The most significant finding from metabolomics studies is the evidence pointing to BV debilitation of the epithelial barrier and tight junctions favoring sexually transmitted diseases or the endogenous ascending anaerobic infection towards the upper female genital tract, pelvis and the urinary tract. Interventions for BV recommended in this essay will emphasize reconstituting the epithelial barrier and its associated mucosal immunity defenses (generally underestimated) in a robustly balanced healthy microenvironment; entirely competent and sufficient in deterring the adverse events mentioned above. Therefore the identification of pathogens and deriving classifications46) become of taxonomic relevance only and, on the contrary, rather than trying to eliminate individualized bacteria (purported pathogens) the mutualist microbiota aspects might be more meaningful in deriving yet-to-be-discovered measures that may be complementary in fostering symbiosis.
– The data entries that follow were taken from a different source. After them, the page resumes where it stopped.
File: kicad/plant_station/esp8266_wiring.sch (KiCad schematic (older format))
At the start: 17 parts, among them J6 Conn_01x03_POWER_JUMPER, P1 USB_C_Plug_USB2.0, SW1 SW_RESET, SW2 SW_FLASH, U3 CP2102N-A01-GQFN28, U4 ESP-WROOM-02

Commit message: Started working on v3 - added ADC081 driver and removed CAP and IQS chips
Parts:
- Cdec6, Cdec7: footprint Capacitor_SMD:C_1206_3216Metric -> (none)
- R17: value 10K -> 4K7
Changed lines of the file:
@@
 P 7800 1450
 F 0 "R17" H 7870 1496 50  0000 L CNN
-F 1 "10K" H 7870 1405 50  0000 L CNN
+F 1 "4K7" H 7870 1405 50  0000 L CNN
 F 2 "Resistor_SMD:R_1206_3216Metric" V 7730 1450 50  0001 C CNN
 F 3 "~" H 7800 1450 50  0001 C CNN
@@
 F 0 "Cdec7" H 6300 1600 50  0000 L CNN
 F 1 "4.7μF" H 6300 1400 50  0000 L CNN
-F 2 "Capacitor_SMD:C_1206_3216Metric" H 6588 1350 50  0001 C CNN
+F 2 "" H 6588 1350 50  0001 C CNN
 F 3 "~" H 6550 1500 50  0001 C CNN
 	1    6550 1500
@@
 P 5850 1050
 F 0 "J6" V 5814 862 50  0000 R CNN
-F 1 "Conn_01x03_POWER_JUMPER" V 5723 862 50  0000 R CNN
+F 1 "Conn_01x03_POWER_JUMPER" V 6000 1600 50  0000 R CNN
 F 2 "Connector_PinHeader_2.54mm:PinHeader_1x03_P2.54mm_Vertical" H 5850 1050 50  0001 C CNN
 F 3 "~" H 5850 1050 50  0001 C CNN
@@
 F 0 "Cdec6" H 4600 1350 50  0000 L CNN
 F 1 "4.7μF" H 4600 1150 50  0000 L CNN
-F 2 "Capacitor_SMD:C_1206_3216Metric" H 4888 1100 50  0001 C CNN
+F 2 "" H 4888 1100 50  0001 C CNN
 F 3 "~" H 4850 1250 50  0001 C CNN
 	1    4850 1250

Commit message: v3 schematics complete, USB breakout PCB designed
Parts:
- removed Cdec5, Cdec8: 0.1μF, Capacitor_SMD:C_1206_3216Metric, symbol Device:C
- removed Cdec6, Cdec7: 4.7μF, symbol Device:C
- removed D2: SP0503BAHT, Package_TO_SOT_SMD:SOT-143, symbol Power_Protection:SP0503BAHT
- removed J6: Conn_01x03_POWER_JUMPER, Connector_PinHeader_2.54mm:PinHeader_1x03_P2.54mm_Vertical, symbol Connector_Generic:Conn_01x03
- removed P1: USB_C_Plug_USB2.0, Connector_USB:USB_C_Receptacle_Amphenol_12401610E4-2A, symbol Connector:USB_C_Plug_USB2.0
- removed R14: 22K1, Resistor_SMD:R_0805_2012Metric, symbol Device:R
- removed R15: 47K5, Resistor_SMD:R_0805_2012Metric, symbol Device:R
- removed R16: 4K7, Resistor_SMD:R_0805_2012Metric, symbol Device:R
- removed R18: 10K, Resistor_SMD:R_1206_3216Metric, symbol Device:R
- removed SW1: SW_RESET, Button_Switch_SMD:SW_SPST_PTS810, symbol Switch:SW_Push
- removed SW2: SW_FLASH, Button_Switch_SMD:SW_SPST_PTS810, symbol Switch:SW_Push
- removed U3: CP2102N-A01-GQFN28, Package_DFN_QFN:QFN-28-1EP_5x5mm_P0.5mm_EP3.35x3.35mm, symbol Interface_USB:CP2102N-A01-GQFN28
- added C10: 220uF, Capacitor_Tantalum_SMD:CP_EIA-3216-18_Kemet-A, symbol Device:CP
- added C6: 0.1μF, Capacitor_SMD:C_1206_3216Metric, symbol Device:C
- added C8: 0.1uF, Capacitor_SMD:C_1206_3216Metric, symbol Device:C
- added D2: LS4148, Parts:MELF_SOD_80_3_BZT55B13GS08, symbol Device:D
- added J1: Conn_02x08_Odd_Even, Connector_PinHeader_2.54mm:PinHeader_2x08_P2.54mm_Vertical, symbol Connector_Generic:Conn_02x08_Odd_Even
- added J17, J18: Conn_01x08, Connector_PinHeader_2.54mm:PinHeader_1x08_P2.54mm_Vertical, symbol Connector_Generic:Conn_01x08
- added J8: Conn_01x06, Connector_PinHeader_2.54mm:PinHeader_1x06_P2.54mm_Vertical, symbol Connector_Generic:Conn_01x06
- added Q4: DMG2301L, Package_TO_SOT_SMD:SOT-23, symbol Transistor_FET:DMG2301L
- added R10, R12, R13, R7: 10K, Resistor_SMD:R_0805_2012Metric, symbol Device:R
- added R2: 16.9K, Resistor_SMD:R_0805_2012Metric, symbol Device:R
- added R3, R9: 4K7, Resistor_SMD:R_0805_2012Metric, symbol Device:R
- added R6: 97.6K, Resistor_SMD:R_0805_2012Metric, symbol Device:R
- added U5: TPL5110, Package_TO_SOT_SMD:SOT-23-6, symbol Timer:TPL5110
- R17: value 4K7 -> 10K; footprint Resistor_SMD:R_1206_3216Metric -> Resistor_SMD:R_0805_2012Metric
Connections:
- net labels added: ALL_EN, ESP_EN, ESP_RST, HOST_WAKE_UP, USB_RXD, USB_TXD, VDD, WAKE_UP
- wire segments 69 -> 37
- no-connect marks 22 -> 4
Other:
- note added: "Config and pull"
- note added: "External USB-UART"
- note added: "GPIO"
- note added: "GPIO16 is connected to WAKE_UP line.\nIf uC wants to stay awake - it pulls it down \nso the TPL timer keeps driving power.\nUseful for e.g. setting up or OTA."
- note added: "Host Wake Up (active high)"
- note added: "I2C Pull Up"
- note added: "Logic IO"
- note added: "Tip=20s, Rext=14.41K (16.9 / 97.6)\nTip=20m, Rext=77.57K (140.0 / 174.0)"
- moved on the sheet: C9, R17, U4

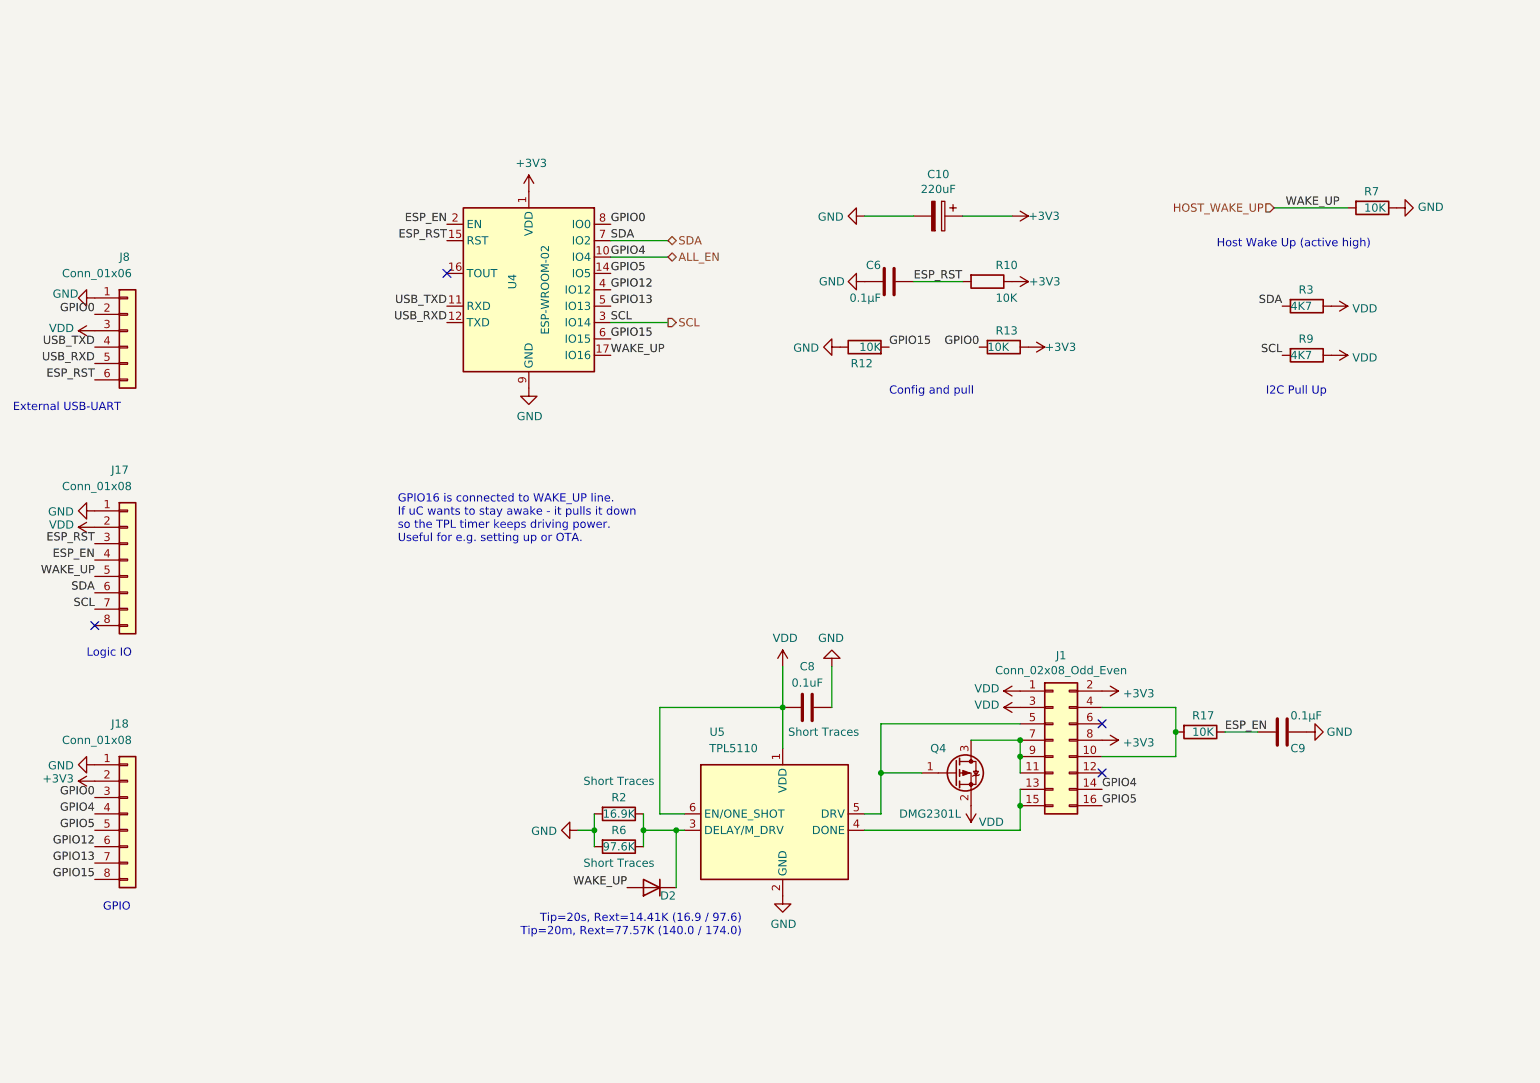
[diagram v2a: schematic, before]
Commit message: Moved the LED driver to LEDs board, refactored connectors. Hopefuly PCBNEW could update it all in place
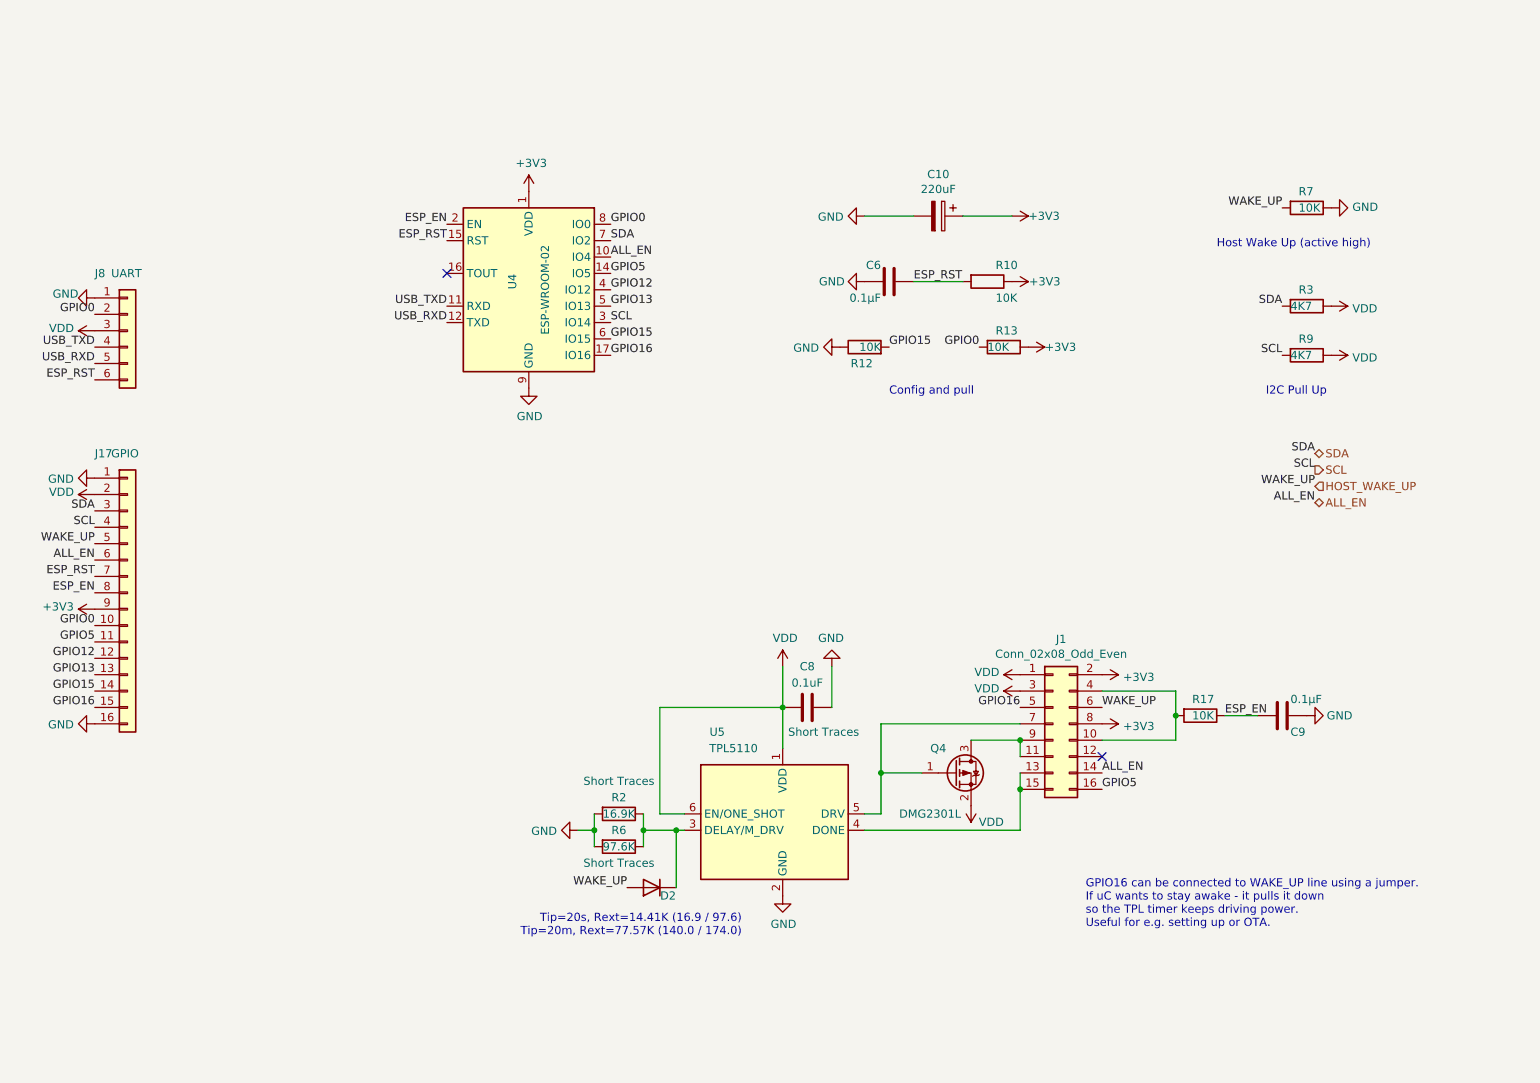
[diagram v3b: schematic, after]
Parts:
- removed J17, J18: Conn_01x08, Connector_PinHeader_2.54mm:PinHeader_1x08_P2.54mm_Vertical, symbol Connector_Generic:Conn_01x08
- added J17: GPIO, Connector_PinHeader_2.54mm:PinHeader_1x16_P2.54mm_Vertical, symbol Connector_Generic:Conn_01x16
- J8: value Conn_01x06 -> UART
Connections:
- net +3V3: now also J17.9 (Pin_9)
- net ALL_EN: now also J17.6 (Pin_6)
- net ESP_EN: now also J17.8 (Pin_8)
- net ESP_RST: now also J17.7 (Pin_7)
- net GND: now also J17.1 (Pin_1), J17.16 (Pin_16)
- net GPIO0: now also J17.10 (Pin_10)
- net GPIO12: now also J17.12 (Pin_12)
- net GPIO13: now also J17.13 (Pin_13)
- net GPIO15: now also J17.14 (Pin_14)
- net GPIO5: now also J17.11 (Pin_11)
- net HOST_WAKE_UP: now also J1.6 (Pin_6), J17.5 (Pin_5); no longer U4.17 (IO16)
- net SCL: now also J17.4 (Pin_4)
- net SDA: now also J17.3 (Pin_3)
- net VDD: now also J17.2 (Pin_2)
- net at Q4.1 (G), U5.5 (DRV): now also J1.7 (Pin_7); no longer J1.5 (Pin_5)
- net at J1.11 (Pin_11), J1.9 (Pin_9), Q4.3 (D): no longer J1.7 (Pin_7)
- new net GPIO16: J1.5 (Pin_5), J17.15 (Pin_15), U4.17 (IO16)
- no-connect marks 4 -> 2
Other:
- note added: "GPIO16 can be connected to WAKE_UP line using a jumper.\nIf uC wants to stay awake - it pulls it down \nso the TPL timer keeps driving power.\nUseful for e.g. setting up or OTA."
- note removed: "External USB-UART"
- note removed: "GPIO"
- note removed: "GPIO16 is connected to WAKE_UP line.\nIf uC wants to stay awake - it pulls it down \nso the TPL timer keeps driving power.\nUseful for e.g. setting up or OTA."
- note removed: "Logic IO"
- moved on the sheet: C9, J1, R17, R7

Shown is a diagram depicting classical components of a cell membrane that is depleted in either of the metabolome profiles of the two symptomatic BV types.
The usefulness of metabolic studies has resided more on setting firm associations between metabolites and symptoms of BV (Amsel criteria)rather than classifying subgroups of BV. In the figure below such associations are presented as ascertained by Srinivasan et al. 47) using penalized linear regression models.
(Yeoman et al. 2013)48) found the symptoms ‘itching’ and ‘vaginal pain’ to be linked (Spearman’s R=0.64) to each other, as well as to diethylene glycol (Spearman’s R.0.6) and several distinct metabolites.
Association of metabolites with Amsel clinical criteria. Shown is a model depicting metabolites associated with individual clinical criteria used in BV diagnosis . Stars denote metabolites that were positively or negatively associated with BV status. BV status is indicated on the x axis of box plots. The y axis of box plots represents scaled concentrations of metabolites. The lines in box plots represent the mean, and whiskers denote 95% confidence intervals.
The microenvironment definition above sets the parameters in correcting the dysbiosis present in BV.
The challenge in the vaginal microenvironment is the acidic pH which is to be kept around 4 or preferably more towards 3.5 49). Paradoxically elevating pH will not help correct the overgrowth of anaerobes. As seen by (Holmes et al. 1983)50) one pH unit variance changes disproportionately Eh towards reducing conditions in the vagina (Vide Control Redox). Therefore the redox buffering aspect is determinant and restitution of oxidative redox potential is imperative.
However Gynactil's pH is 4 and the acid/base buffering capacity will maintain stable such environment due to the alkali absorbing properties of the system. The redox couple has a +183 mV potential.
This formulation has proven to be highly effective in controlling BV. It restitutes libido depressed in patients affected by BV, Also it has shown to regularize menstruation eliminating discomfort associated with it and dysmenorrhea.
Due to stability regarding vulvar/vaginal status in women using Gynactil regularly and due to women carrying a disproportionately higher burden of sexually transmitted diseases it should be interesting in conducting studies in the prevention of cervical cancer51) and HIV contagion52) with this new microenvironment control strategy.